WORK REQUEST: Without the pictures, output the records below exactly as they are.

[Dataset entries]
[Start of Attachment]
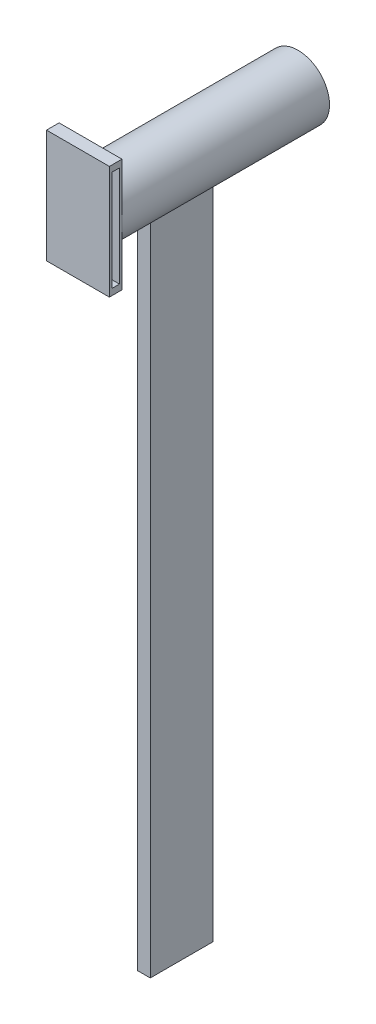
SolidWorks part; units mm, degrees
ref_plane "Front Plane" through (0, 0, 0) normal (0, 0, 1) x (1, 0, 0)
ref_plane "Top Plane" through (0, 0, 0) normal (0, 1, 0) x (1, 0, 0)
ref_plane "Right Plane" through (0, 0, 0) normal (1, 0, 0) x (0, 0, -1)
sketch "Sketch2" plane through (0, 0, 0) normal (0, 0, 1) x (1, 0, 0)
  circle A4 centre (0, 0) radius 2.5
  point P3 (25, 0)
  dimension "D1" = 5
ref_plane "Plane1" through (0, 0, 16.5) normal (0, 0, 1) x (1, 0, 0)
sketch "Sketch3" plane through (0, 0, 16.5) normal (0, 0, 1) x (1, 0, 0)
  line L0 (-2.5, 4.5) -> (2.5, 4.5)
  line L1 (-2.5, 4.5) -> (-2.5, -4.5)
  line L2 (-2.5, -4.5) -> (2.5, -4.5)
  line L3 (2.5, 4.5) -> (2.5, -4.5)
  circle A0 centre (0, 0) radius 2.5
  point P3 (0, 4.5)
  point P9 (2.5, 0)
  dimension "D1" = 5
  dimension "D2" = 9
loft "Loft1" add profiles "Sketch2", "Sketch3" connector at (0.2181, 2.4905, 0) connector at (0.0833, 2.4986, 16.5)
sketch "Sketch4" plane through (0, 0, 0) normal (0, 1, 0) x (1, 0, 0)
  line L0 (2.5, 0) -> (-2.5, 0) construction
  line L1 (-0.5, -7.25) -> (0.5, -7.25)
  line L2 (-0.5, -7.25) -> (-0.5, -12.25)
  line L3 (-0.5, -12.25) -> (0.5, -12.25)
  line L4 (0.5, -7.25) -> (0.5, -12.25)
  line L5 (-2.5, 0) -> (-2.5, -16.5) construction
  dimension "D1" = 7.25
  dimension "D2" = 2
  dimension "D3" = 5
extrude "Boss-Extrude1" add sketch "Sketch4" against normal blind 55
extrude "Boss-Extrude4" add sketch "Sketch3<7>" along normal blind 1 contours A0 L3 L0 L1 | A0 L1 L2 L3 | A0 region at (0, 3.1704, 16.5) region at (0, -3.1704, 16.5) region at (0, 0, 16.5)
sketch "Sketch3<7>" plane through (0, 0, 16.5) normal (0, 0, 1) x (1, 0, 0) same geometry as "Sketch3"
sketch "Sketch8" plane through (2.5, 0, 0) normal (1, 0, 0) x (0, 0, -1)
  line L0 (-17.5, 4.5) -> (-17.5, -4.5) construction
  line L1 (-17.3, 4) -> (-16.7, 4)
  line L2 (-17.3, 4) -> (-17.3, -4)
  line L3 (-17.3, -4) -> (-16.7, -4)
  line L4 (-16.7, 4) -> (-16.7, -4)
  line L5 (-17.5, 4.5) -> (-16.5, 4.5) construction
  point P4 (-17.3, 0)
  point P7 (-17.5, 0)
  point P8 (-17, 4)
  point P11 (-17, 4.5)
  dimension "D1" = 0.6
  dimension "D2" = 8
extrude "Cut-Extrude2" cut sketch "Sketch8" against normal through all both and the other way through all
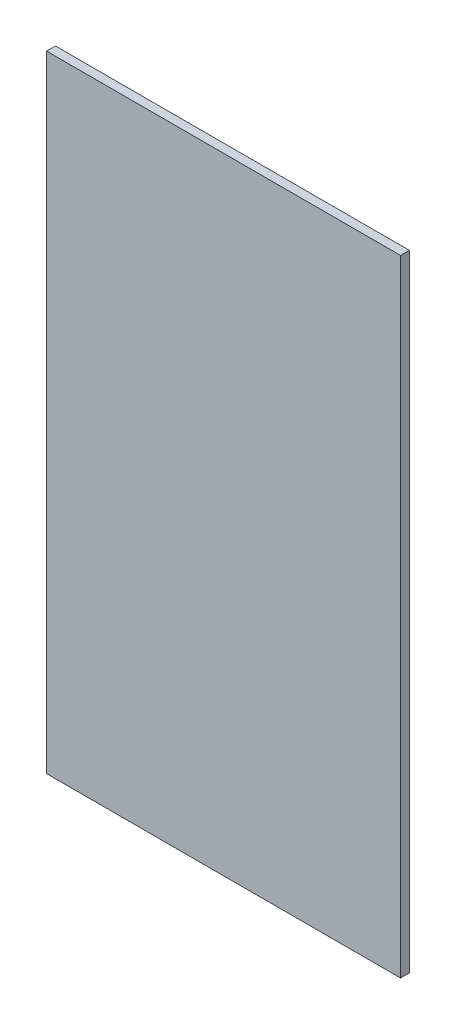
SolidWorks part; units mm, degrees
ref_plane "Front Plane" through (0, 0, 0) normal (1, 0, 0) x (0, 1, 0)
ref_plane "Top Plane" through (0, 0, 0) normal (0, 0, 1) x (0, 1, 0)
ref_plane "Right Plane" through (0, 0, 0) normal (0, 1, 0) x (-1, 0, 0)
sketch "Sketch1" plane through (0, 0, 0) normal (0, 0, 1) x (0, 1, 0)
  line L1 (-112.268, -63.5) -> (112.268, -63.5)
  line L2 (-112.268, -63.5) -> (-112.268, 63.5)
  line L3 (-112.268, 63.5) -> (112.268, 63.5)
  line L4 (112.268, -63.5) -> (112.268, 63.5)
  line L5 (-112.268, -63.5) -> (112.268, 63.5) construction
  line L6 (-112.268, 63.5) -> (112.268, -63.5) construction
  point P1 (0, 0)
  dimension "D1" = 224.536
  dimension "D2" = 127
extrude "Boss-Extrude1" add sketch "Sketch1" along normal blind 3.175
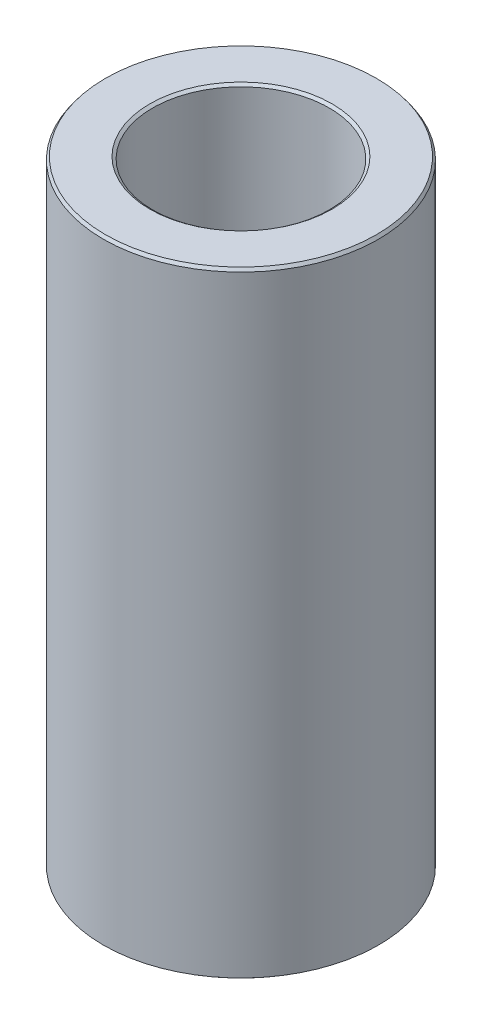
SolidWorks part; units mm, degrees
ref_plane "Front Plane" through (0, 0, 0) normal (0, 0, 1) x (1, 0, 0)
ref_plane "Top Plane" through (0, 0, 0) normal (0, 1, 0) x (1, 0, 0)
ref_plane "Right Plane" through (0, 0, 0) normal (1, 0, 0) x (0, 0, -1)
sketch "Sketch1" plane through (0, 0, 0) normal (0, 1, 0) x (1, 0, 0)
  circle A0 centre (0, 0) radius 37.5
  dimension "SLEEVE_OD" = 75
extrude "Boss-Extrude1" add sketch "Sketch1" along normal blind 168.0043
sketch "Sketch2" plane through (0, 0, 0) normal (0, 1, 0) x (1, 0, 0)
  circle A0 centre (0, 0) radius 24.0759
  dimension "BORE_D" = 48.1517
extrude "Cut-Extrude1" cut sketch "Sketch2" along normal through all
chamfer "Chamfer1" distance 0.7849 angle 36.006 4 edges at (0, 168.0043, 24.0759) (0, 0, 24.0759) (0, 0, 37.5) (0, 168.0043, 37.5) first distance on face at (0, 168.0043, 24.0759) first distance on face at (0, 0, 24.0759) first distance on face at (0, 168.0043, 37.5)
[End of Attachment]
RESULT FOR THIS TASK:
SolidWorks part; units mm, degrees
ref_plane "Front Plane" through (0, 0, 0) normal (0, 0, 1) x (1, 0, 0)
ref_plane "Top Plane" through (0, 0, 0) normal (0, 1, 0) x (1, 0, 0)
ref_plane "Right Plane" through (0, 0, 0) normal (1, 0, 0) x (0, 0, -1)
sketch "Sketch2" plane through (0, 0, 0) normal (0, 0, 1) x (1, 0, 0)
  circle A4 centre (0, 0) radius 2.5
  point P3 (25, 0)
  dimension "D1" = 5
ref_plane "Plane1" through (0, 0, 16.5) normal (0, 0, 1) x (1, 0, 0)
sketch "Sketch3" plane through (0, 0, 16.5) normal (0, 0, 1) x (1, 0, 0)
  line L0 (-2.5, 4.5) -> (2.5, 4.5)
  line L1 (-2.5, 4.5) -> (-2.5, -4.5)
  line L2 (-2.5, -4.5) -> (2.5, -4.5)
  line L3 (2.5, 4.5) -> (2.5, -4.5)
  circle A0 centre (0, 0) radius 2.5
  point P3 (0, 4.5)
  point P9 (2.5, 0)
  dimension "D1" = 5
  dimension "D2" = 9
loft "Loft1" add profiles "Sketch2", "Sketch3" connector at (0.2181, 2.4905, 0) connector at (0.0833, 2.4986, 16.5)
sketch "Sketch4" plane through (0, 0, 0) normal (0, 1, 0) x (1, 0, 0)
  line L0 (2.5, 0) -> (-2.5, 0) construction
  line L1 (-0.5, -7.25) -> (0.5, -7.25)
  line L2 (-0.5, -7.25) -> (-0.5, -12.25)
  line L3 (-0.5, -12.25) -> (0.5, -12.25)
  line L4 (0.5, -7.25) -> (0.5, -12.25)
  line L5 (-2.5, 0) -> (-2.5, -16.5) construction
  dimension "D1" = 7.25
  dimension "D2" = 2
  dimension "D3" = 5
extrude "Boss-Extrude1" add sketch "Sketch4" against normal blind 55
extrude "Boss-Extrude4" add sketch "Sketch3<7>" along normal blind 1 contours A0 L3 L0 L1 | A0 L1 L2 L3 | A0 region at (0, 3.1704, 16.5) region at (0, -3.1704, 16.5) region at (0, 0, 16.5)
sketch "Sketch3<7>" plane through (0, 0, 16.5) normal (0, 0, 1) x (1, 0, 0) same geometry as "Sketch3"
sketch "Sketch8" plane through (2.5, 0, 0) normal (1, 0, 0) x (0, 0, -1)
  line L0 (-17.5, 4.5) -> (-17.5, -4.5) construction
  line L1 (-17.3, 4) -> (-16.7, 4)
  line L2 (-17.3, 4) -> (-17.3, -4)
  line L3 (-17.3, -4) -> (-16.7, -4)
  line L4 (-16.7, 4) -> (-16.7, -4)
  line L5 (-17.5, 4.5) -> (-16.5, 4.5) construction
  point P4 (-17.3, 0)
  point P7 (-17.5, 0)
  point P8 (-17, 4)
  point P11 (-17, 4.5)
  dimension "D1" = 0.6
  dimension "D2" = 8
extrude "Cut-Extrude2" cut sketch "Sketch8" against normal through all both and the other way through all
SolidWorks part; units mm, degrees
ref_plane "Front Plane" through (0, 0, 0) normal (1, 0, 0) x (0, 1, 0)
ref_plane "Top Plane" through (0, 0, 0) normal (0, 0, 1) x (0, 1, 0)
ref_plane "Right Plane" through (0, 0, 0) normal (0, 1, 0) x (-1, 0, 0)
sketch "Sketch1" plane through (0, 0, 0) normal (0, 0, 1) x (0, 1, 0)
  line L1 (-112.268, -63.5) -> (112.268, -63.5)
  line L2 (-112.268, -63.5) -> (-112.268, 63.5)
  line L3 (-112.268, 63.5) -> (112.268, 63.5)
  line L4 (112.268, -63.5) -> (112.268, 63.5)
  line L5 (-112.268, -63.5) -> (112.268, 63.5) construction
  line L6 (-112.268, 63.5) -> (112.268, -63.5) construction
  point P1 (0, 0)
  dimension "D1" = 224.536
  dimension "D2" = 127
extrude "Boss-Extrude1" add sketch "Sketch1" along normal blind 3.175
SolidWorks part; units mm, degrees
ref_plane "Front Plane" through (0, 0, 0) normal (0, 0, 1) x (1, 0, 0)
ref_plane "Top Plane" through (0, 0, 0) normal (0, 1, 0) x (1, 0, 0)
ref_plane "Right Plane" through (0, 0, 0) normal (1, 0, 0) x (0, 0, -1)
sketch "Sketch1" plane through (0, 0, 0) normal (0, 1, 0) x (1, 0, 0)
  circle A0 centre (0, 0) radius 37.5
  dimension "SLEEVE_OD" = 75
extrude "Boss-Extrude1" add sketch "Sketch1" along normal blind 168.0043
sketch "Sketch2" plane through (0, 0, 0) normal (0, 1, 0) x (1, 0, 0)
  circle A0 centre (0, 0) radius 24.0759
  dimension "BORE_D" = 48.1517
extrude "Cut-Extrude1" cut sketch "Sketch2" along normal through all
chamfer "Chamfer1" distance 0.7849 angle 36.006 4 edges at (0, 168.0043, 24.0759) (0, 0, 24.0759) (0, 0, 37.5) (0, 168.0043, 37.5) first distance on face at (0, 168.0043, 24.0759) first distance on face at (0, 0, 24.0759) first distance on face at (0, 168.0043, 37.5)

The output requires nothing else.